I formed them into three titanic spherical swarms and had the individual insects fly close together, to make the mass as opaque as the globes of living chitin had formed, I ordered them to rise into the air above me, stopping them at a height of about 300 feet.
It took all my concentration to control so many bugs in such a precise way, but I somehow managed and started the next stage of my plan: Let the balls, with a diameter of more than 20 feet each, dance around each other in a complicated pattern that had nothing in common with the usual ways insects moved. Yes, that should do the trick.
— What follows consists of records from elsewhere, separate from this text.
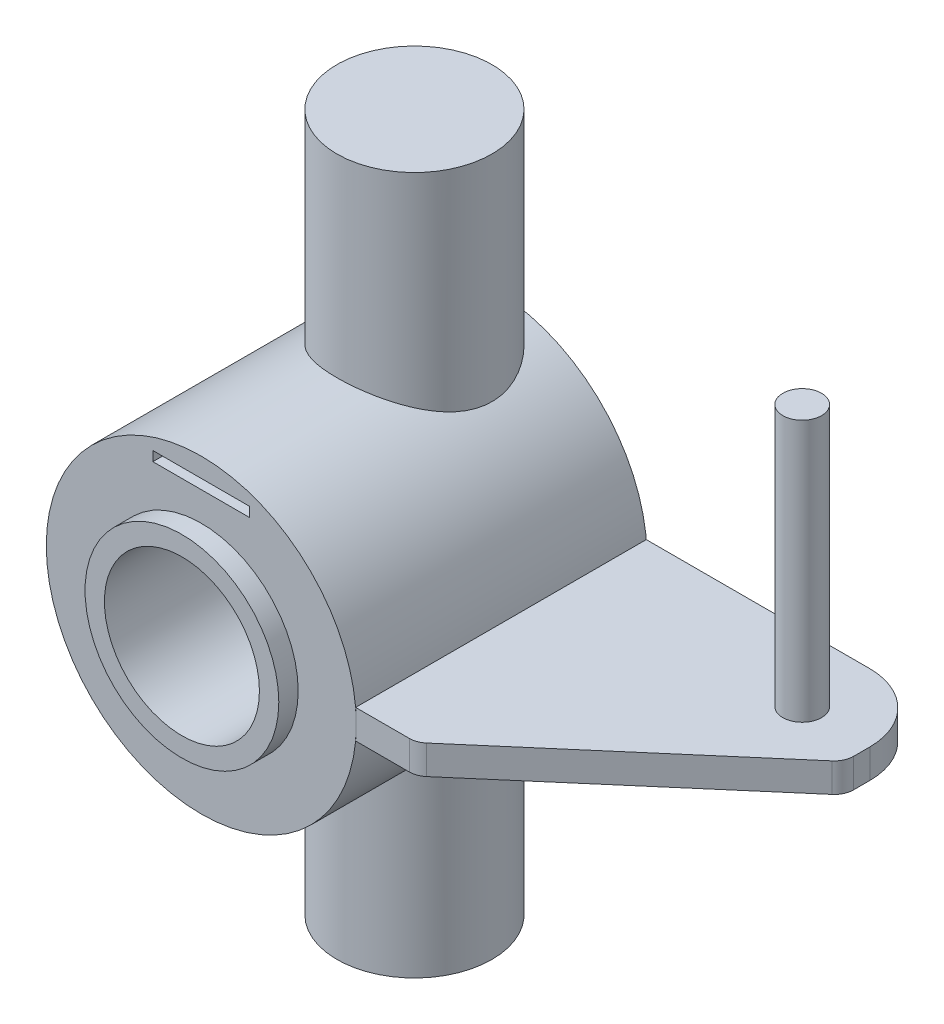
ISO-10303-21;
HEADER;
FILE_DESCRIPTION(('STEP AP214'),'2;1');
FILE_NAME('part.step','',(''),(''),'','','');
FILE_SCHEMA(('AUTOMOTIVE_DESIGN { 1 0 10303 214 1 1 1 1 }'));
ENDSEC;
DATA;
#1=APPLICATION_CONTEXT('core data for automotive mechanical design processes');
#2=APPLICATION_PROTOCOL_DEFINITION('international standard','automotive_design',2000,#1);
#3=PRODUCT_CONTEXT('',#1,'mechanical');
#4=PRODUCT('Part','Part','',(#3));
#5=PRODUCT_RELATED_PRODUCT_CATEGORY('part','',(#4));
#6=PRODUCT_DEFINITION_FORMATION('','',#4);
#7=PRODUCT_DEFINITION_CONTEXT('part definition',#1,'design');
#8=PRODUCT_DEFINITION('design','',#6,#7);
#9=PRODUCT_DEFINITION_SHAPE('','',#8);
#10=(LENGTH_UNIT() NAMED_UNIT(*) SI_UNIT(.MILLI.,.METRE.));
#11=(NAMED_UNIT(*) PLANE_ANGLE_UNIT() SI_UNIT($,.RADIAN.));
#12=(NAMED_UNIT(*) SI_UNIT($,.STERADIAN.) SOLID_ANGLE_UNIT());
#13=UNCERTAINTY_MEASURE_WITH_UNIT(LENGTH_MEASURE(1.E-05),#10,'distance_accuracy_value','');
#14=(GEOMETRIC_REPRESENTATION_CONTEXT(3) GLOBAL_UNCERTAINTY_ASSIGNED_CONTEXT((#13)) GLOBAL_UNIT_ASSIGNED_CONTEXT((#10,
#11,#12)) REPRESENTATION_CONTEXT('',''));
#15=CARTESIAN_POINT('',(0.,0.,0.));
#16=DIRECTION('',(0.,0.,1.));
#17=DIRECTION('',(1.,0.,0.));
#18=AXIS2_PLACEMENT_3D('',#15,#16,#17);
#19=CARTESIAN_POINT('',(23.,0.750000000000004,0.));
#20=DIRECTION('',(0.,-1.,0.));
#21=DIRECTION('',(0.,0.,-1.));
#22=AXIS2_PLACEMENT_3D('',#19,#20,#21);
#23=PLANE('',#22);
#24=CARTESIAN_POINT('',(19.4463189334762,0.750000000000002,3.43499495567666));
#25=DIRECTION('',(0.,-1.,0.));
#26=DIRECTION('',(0.,0.,-1.));
#27=AXIS2_PLACEMENT_3D('',#24,#25,#26);
#28=CIRCLE('',#27,1.);
#29=CARTESIAN_POINT('',(19.4463189334762,0.750000000000003,2.43499495567666));
#30=VERTEX_POINT('',#29);
#31=EDGE_CURVE('E168',#30,#30,#28,.T.);
#32=ORIENTED_EDGE('',*,*,#31,.T.);
#33=EDGE_LOOP('',(#32));
#34=FACE_BOUND('',#33,.T.);
#35=DIRECTION('',(0.758813097039512,0.,-0.651308439805062));
#36=VECTOR('',#35,1.);
#37=CARTESIAN_POINT('',(25.3687248158512,0.750000000000003,2.75970539256084));
#38=LINE('',#37,#36);
#39=CARTESIAN_POINT('',(11.3890501755666,0.749999999999998,14.7588130970395));
#40=VERTEX_POINT('',#39);
#41=CARTESIAN_POINT('',(22.6513084398051,0.750000000000002,5.09213247781868));
#42=VERTEX_POINT('',#41);
#43=EDGE_CURVE('E116',#40,#42,#38,.T.);
#44=ORIENTED_EDGE('',*,*,#43,.T.);
#45=CARTESIAN_POINT('',(22.,0.750000000000002,4.33331938077917));
#46=DIRECTION('',(0.,-1.,0.));
#47=DIRECTION('',(0.,0.,-1.));
#48=AXIS2_PLACEMENT_3D('',#45,#46,#47);
#49=CIRCLE('',#48,1.);
#50=CARTESIAN_POINT('',(23.,0.750000000000002,4.33331938077917));
#51=VERTEX_POINT('',#50);
#52=EDGE_CURVE('E65',#42,#51,#49,.F.);
#53=ORIENTED_EDGE('',*,*,#52,.T.);
#54=DIRECTION('',(0.,0.,1.));
#55=VECTOR('',#54,1.);
#56=CARTESIAN_POINT('',(23.,0.750000000000004,0.));
#57=LINE('',#56,#55);
#58=CARTESIAN_POINT('',(23.,0.750000000000002,3.5));
#59=VERTEX_POINT('',#58);
#60=EDGE_CURVE('E136',#59,#51,#57,.T.);
#61=ORIENTED_EDGE('',*,*,#60,.F.);
#62=CARTESIAN_POINT('',(19.5,0.750000000000002,3.5));
#63=DIRECTION('',(0.,-1.,0.));
#64=DIRECTION('',(0.,0.,-1.));
#65=AXIS2_PLACEMENT_3D('',#62,#63,#64);
#66=CIRCLE('',#65,3.5);
#67=CARTESIAN_POINT('',(19.5,0.750000000000004,0.));
#68=VERTEX_POINT('',#67);
#69=EDGE_CURVE('E125',#68,#59,#66,.T.);
#70=ORIENTED_EDGE('',*,*,#69,.F.);
#71=DIRECTION('',(-1.,0.,0.));
#72=VECTOR('',#71,1.);
#73=CARTESIAN_POINT('',(23.,0.750000000000004,0.));
#74=LINE('',#73,#72);
#75=CARTESIAN_POINT('',(7.964766161037,0.749999999999998,0.));
#76=VERTEX_POINT('',#75);
#77=EDGE_CURVE('E124',#68,#76,#74,.T.);
#78=ORIENTED_EDGE('',*,*,#77,.T.);
#79=DIRECTION('',(0.,0.,-1.));
#80=VECTOR('',#79,1.);
#81=CARTESIAN_POINT('',(7.964766161037,0.749999999999998,15.));
#82=LINE('',#81,#80);
#83=CARTESIAN_POINT('',(7.964766161037,0.749999999999998,15.));
#84=VERTEX_POINT('',#83);
#85=EDGE_CURVE('E175',#76,#84,#82,.F.);
#86=ORIENTED_EDGE('',*,*,#85,.T.);
#87=DIRECTION('',(-1.,0.,0.));
#88=VECTOR('',#87,1.);
#89=CARTESIAN_POINT('',(23.,0.749999999999998,15.));
#90=LINE('',#89,#88);
#91=CARTESIAN_POINT('',(10.7377417357616,0.749999999999998,15.));
#92=VERTEX_POINT('',#91);
#93=EDGE_CURVE('E134',#92,#84,#90,.T.);
#94=ORIENTED_EDGE('',*,*,#93,.F.);
#95=CARTESIAN_POINT('',(10.7377417357616,0.749999999999999,14.));
#96=DIRECTION('',(0.,-1.,0.));
#97=DIRECTION('',(0.,0.,-1.));
#98=AXIS2_PLACEMENT_3D('',#95,#96,#97);
#99=CIRCLE('',#98,1.);
#100=EDGE_CURVE('E150',#92,#40,#99,.F.);
#101=ORIENTED_EDGE('',*,*,#100,.T.);
#102=EDGE_LOOP('',(#44,#53,#61,#70,#78,#86,#94,#101));
#103=FACE_BOUND('',#102,.T.);
#104=ADVANCED_FACE('F43',(#34,#103),#23,.F.);
#105=CARTESIAN_POINT('',(23.,-0.750000000000004,0.));
#106=DIRECTION('',(0.,1.,0.));
#107=DIRECTION('',(0.,0.,1.));
#108=AXIS2_PLACEMENT_3D('',#105,#106,#107);
#109=PLANE('',#108);
#110=DIRECTION('',(0.,0.,-1.));
#111=VECTOR('',#110,1.);
#112=CARTESIAN_POINT('',(23.,-0.750000000000004,0.));
#113=LINE('',#112,#111);
#114=CARTESIAN_POINT('',(23.,-0.750000000000003,4.33331938077917));
#115=VERTEX_POINT('',#114);
#116=CARTESIAN_POINT('',(23.,-0.750000000000003,3.5));
#117=VERTEX_POINT('',#116);
#118=EDGE_CURVE('E132',#115,#117,#113,.T.);
#119=ORIENTED_EDGE('',*,*,#118,.F.);
#120=CARTESIAN_POINT('',(22.,-0.750000000000004,4.33331938077917));
#121=DIRECTION('',(0.,1.,0.));
#122=DIRECTION('',(0.,0.,1.));
#123=AXIS2_PLACEMENT_3D('',#120,#121,#122);
#124=CIRCLE('',#123,1.);
#125=CARTESIAN_POINT('',(22.6513084398051,-0.750000000000003,5.09213247781868));
#126=VERTEX_POINT('',#125);
#127=EDGE_CURVE('E12',#115,#126,#124,.F.);
#128=ORIENTED_EDGE('',*,*,#127,.T.);
#129=DIRECTION('',(0.758813097039512,0.,-0.651308439805062));
#130=VECTOR('',#129,1.);
#131=CARTESIAN_POINT('',(12.1253865423612,-0.750000000000002,14.1267970022992));
#132=LINE('',#131,#130);
#133=CARTESIAN_POINT('',(11.3890501755666,-0.750000000000002,14.7588130970395));
#134=VERTEX_POINT('',#133);
#135=EDGE_CURVE('E162',#134,#126,#132,.T.);
#136=ORIENTED_EDGE('',*,*,#135,.F.);
#137=CARTESIAN_POINT('',(10.7377417357616,-0.750000000000002,14.));
#138=DIRECTION('',(0.,1.,0.));
#139=DIRECTION('',(0.,0.,1.));
#140=AXIS2_PLACEMENT_3D('',#137,#138,#139);
#141=CIRCLE('',#140,1.);
#142=CARTESIAN_POINT('',(10.7377417357616,-0.750000000000002,15.));
#143=VERTEX_POINT('',#142);
#144=EDGE_CURVE('E146',#134,#143,#141,.F.);
#145=ORIENTED_EDGE('',*,*,#144,.T.);
#146=DIRECTION('',(-1.,0.,0.));
#147=VECTOR('',#146,1.);
#148=CARTESIAN_POINT('',(23.,-0.750000000000002,15.));
#149=LINE('',#148,#147);
#150=CARTESIAN_POINT('',(7.964766161037,-0.750000000000002,15.));
#151=VERTEX_POINT('',#150);
#152=EDGE_CURVE('E131',#143,#151,#149,.T.);
#153=ORIENTED_EDGE('',*,*,#152,.T.);
#154=DIRECTION('',(0.,0.,-1.));
#155=VECTOR('',#154,1.);
#156=CARTESIAN_POINT('',(7.96476616103699,-0.750000000000002,15.));
#157=LINE('',#156,#155);
#158=CARTESIAN_POINT('',(7.964766161037,-0.750000000000002,0.));
#159=VERTEX_POINT('',#158);
#160=EDGE_CURVE('E130',#151,#159,#157,.T.);
#161=ORIENTED_EDGE('',*,*,#160,.T.);
#162=DIRECTION('',(-1.,0.,0.));
#163=VECTOR('',#162,1.);
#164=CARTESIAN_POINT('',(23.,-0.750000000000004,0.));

I didn't have to wait long until I could see the plane in the distance, speeding towards me with droning motors. On the current route, it would pass maybe a mile to my right. It looked quite peculiar, with a very short hull which was reflecting the sunlight from dozens of windows and hung suspended between two long nacelles, that ran backwards and formed a rectangle with the elevator.
I instructed my swarms to dance even more energetically around each other, providing a bizarre spectacle that looked as unnatural as I could make it.
If the pilot missed this, he should be fired for incompetence, I thought.
He didn't.
The plane changed course and dived down, until it was flying as low as 600 feet when it passed overhead.
From this distance, the huge, white coloured swastikas on the wings were impossible to miss.